MATH UN2015 features linear algebra with a focus on probability and statistics. The course covers the standard linear algebra topics: systems of linear equations, matrices, determinants, vector spaces, bases, dimension, eigenvalues and eigenvectors. It also teaches applications of linear algebra to probability, statistics and dynamical systems giving a background sufficient for higher level courses in probability and statistics. The topics covered in the probability theory part include conditional probability, discrete and continuous random variables, probability distributions and the limit theorems, as well as Markov chains, curve fitting, regression, and pattern analysis.
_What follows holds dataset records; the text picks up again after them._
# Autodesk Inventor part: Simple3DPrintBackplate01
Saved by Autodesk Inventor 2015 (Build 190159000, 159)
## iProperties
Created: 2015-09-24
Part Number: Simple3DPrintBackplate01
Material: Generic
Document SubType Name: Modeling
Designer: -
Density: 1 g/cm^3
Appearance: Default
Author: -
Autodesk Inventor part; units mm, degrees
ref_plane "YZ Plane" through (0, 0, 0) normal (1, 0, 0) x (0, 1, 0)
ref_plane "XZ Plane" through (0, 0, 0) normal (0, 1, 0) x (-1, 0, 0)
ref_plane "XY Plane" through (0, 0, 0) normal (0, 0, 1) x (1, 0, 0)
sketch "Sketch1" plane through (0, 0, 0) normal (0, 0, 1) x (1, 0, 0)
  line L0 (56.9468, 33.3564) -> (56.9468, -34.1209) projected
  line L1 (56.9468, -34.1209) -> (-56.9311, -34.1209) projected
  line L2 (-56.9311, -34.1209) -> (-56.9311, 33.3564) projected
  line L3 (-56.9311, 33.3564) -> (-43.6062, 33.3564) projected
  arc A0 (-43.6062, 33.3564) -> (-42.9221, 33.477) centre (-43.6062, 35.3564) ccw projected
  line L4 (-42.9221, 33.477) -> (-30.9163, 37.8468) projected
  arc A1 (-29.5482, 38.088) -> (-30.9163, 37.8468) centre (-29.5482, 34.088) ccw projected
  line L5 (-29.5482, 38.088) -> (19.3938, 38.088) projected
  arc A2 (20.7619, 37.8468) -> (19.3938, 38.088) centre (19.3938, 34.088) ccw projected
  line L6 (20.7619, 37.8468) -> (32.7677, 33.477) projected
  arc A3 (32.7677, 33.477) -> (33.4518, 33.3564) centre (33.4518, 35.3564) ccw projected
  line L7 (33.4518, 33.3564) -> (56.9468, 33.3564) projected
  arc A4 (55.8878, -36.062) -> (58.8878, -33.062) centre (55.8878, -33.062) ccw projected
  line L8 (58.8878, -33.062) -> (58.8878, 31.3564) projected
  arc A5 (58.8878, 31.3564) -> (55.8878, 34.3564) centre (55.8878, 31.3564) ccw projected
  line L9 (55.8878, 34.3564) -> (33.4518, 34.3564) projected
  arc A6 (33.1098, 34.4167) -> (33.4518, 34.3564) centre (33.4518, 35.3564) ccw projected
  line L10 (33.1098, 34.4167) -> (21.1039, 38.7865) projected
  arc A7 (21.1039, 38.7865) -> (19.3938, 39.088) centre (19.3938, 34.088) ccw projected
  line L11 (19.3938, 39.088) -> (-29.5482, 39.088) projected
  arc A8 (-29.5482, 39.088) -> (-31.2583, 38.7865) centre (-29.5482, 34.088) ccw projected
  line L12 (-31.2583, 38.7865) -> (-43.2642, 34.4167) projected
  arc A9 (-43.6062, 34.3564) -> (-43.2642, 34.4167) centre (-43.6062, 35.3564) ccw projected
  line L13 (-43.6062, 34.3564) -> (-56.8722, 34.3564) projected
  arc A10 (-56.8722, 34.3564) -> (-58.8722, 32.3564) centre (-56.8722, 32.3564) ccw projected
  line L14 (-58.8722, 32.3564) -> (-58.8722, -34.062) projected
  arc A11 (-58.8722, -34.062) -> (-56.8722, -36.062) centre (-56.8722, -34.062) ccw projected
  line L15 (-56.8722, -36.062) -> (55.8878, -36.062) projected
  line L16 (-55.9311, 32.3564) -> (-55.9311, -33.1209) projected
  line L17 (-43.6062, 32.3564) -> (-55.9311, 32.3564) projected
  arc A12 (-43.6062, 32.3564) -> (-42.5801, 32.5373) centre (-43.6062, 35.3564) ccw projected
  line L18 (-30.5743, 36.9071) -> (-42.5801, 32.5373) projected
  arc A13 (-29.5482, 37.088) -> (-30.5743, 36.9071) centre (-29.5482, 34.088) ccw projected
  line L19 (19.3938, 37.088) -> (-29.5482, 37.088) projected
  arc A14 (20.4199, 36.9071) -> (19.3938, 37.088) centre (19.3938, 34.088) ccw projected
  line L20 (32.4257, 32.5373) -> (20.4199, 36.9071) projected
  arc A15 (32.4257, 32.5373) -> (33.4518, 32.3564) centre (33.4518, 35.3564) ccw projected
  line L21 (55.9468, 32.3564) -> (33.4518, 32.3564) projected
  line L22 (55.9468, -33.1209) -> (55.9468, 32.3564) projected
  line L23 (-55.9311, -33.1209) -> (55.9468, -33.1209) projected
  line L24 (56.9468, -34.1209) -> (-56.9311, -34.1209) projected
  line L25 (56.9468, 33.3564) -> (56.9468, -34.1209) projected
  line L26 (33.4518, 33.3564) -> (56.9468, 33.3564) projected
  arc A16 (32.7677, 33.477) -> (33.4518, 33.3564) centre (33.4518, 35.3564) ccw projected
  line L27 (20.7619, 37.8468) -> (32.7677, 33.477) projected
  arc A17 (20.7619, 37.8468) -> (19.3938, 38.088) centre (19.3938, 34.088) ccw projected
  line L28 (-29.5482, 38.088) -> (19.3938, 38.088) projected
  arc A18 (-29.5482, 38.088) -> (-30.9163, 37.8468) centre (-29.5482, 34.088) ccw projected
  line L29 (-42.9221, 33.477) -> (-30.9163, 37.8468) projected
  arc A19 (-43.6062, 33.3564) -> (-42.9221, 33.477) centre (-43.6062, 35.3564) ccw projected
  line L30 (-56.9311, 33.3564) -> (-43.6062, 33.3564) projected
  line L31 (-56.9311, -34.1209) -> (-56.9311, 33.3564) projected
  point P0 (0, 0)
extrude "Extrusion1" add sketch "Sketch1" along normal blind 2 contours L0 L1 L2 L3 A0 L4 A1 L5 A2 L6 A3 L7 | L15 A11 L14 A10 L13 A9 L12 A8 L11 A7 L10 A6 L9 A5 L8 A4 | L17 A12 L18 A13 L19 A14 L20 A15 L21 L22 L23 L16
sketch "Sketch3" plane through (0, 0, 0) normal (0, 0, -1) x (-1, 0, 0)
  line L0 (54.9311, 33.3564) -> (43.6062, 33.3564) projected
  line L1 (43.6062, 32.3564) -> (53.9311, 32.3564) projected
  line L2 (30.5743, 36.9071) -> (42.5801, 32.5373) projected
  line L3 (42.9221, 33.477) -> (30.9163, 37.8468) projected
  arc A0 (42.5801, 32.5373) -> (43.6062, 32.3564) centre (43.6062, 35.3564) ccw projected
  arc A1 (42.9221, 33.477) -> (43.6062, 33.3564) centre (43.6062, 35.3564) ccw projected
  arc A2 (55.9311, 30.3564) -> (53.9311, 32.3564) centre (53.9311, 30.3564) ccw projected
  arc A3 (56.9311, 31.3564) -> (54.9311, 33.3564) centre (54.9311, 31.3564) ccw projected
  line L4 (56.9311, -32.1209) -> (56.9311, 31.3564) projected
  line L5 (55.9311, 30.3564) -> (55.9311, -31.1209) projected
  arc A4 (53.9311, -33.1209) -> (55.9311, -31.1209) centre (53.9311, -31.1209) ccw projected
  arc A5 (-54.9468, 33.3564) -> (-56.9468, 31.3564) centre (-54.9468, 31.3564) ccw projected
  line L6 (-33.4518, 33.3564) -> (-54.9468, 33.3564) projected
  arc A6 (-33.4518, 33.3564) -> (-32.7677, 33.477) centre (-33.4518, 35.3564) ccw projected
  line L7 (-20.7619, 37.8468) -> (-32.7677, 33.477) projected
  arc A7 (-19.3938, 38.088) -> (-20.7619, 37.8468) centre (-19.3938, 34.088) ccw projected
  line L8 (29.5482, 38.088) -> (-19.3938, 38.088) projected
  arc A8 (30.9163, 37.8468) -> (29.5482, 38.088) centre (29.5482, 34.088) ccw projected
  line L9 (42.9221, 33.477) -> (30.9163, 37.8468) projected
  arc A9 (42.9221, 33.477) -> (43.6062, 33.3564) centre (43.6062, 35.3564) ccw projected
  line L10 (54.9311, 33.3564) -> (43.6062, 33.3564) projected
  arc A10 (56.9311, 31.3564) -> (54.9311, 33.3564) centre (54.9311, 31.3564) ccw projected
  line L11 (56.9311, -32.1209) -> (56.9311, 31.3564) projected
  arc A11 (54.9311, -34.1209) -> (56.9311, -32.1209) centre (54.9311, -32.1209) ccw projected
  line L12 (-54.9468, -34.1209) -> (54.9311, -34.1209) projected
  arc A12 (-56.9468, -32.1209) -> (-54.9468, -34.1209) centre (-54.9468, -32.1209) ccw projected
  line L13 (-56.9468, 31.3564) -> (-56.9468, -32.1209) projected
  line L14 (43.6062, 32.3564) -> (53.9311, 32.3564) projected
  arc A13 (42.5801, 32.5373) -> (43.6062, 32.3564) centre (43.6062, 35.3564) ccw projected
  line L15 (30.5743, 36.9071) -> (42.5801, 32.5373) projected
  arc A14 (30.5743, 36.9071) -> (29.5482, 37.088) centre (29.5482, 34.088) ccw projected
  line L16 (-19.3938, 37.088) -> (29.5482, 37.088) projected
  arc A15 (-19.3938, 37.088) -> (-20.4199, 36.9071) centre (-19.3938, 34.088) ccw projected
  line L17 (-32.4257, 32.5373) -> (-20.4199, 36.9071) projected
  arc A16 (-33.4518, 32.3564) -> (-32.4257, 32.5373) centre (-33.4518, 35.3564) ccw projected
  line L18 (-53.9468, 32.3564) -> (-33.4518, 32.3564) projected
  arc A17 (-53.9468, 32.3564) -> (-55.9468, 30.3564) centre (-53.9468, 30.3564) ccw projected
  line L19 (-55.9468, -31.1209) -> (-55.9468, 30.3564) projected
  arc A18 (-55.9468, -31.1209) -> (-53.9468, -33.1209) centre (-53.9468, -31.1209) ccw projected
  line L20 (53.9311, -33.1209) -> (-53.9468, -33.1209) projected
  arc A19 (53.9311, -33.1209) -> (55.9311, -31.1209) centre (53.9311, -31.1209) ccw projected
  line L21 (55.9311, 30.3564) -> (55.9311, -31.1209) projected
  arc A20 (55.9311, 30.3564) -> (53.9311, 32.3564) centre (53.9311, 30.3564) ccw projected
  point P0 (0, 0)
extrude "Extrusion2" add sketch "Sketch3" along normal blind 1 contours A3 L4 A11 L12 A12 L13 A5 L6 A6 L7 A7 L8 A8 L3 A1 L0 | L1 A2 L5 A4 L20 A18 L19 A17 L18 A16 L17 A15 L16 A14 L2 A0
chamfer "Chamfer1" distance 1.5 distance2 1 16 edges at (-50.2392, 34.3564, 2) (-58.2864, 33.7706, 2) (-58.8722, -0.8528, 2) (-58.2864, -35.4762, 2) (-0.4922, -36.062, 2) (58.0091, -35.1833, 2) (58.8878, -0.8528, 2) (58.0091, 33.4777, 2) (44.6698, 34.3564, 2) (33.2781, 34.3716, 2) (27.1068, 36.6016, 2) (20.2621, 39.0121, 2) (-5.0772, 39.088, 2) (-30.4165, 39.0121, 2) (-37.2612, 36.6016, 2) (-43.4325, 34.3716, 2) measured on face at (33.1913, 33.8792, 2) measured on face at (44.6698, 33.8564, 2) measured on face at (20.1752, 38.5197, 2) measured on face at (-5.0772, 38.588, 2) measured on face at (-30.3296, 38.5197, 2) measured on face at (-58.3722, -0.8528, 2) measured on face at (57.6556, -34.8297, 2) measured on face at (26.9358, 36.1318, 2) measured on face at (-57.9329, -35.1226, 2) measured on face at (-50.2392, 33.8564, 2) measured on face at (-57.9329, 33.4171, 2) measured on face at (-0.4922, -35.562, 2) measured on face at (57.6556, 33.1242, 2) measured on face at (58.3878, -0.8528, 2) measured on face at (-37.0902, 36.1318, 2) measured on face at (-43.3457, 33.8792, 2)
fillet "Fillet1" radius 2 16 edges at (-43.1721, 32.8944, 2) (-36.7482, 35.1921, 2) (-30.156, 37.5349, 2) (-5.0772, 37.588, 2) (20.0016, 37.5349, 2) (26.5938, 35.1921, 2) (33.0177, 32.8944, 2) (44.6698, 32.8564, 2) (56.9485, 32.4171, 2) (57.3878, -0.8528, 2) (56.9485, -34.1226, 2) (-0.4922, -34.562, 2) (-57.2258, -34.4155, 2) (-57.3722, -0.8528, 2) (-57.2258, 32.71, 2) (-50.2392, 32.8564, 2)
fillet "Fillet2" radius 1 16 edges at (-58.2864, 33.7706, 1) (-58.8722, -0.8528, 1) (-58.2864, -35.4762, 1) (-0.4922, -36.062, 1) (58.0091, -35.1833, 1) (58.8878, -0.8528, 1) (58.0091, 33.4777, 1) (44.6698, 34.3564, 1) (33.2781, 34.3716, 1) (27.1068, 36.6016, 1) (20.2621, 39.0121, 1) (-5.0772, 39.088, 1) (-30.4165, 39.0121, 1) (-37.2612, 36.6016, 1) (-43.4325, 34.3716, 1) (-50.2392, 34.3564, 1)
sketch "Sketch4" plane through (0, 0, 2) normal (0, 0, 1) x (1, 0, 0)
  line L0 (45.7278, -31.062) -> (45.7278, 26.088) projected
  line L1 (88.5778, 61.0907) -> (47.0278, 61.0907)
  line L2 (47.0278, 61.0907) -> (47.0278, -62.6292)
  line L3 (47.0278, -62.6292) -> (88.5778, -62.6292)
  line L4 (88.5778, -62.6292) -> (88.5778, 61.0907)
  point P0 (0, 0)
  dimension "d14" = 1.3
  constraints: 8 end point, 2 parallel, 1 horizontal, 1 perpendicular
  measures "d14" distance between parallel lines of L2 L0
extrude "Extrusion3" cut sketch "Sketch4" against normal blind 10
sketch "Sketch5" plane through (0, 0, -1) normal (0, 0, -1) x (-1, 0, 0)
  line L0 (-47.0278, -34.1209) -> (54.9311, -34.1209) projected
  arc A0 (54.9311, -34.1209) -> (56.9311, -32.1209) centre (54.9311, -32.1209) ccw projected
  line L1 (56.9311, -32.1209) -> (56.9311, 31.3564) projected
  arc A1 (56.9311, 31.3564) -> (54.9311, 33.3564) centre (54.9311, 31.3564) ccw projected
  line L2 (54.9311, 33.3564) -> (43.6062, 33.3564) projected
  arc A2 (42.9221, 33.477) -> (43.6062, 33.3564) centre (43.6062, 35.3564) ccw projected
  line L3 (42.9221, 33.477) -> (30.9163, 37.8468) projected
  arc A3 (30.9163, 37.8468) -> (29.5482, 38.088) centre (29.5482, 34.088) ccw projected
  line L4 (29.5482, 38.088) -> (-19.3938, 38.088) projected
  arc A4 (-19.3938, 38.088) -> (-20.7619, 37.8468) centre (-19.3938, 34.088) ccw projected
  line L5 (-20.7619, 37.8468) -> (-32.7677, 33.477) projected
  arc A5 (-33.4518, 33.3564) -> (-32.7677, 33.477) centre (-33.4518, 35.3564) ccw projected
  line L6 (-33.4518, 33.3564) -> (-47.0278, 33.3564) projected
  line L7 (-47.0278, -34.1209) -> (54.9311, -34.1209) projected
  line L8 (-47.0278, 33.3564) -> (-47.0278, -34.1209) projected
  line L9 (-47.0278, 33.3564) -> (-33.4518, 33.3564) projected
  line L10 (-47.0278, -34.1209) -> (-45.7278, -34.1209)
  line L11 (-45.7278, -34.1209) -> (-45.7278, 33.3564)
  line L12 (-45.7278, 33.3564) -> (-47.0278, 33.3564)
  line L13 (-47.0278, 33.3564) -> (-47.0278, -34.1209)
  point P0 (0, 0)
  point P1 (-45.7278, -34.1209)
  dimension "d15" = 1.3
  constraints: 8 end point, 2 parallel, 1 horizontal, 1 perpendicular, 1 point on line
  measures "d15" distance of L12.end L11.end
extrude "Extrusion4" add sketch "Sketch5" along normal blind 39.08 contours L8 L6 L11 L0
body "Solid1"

The course contains applications to life sciences, chemistry, and environmental life sciences. No a priori background in the life sciences is assumed.

MATH UN2015 – Linear Algebra & Probability is a course best suited for students who wish to focus on applications and practical approach to problem solving, rather than abstract mathematics and mathematical proofs. It is recommended to students majoring in engineering, technology, life sciences, social sciences, and economics.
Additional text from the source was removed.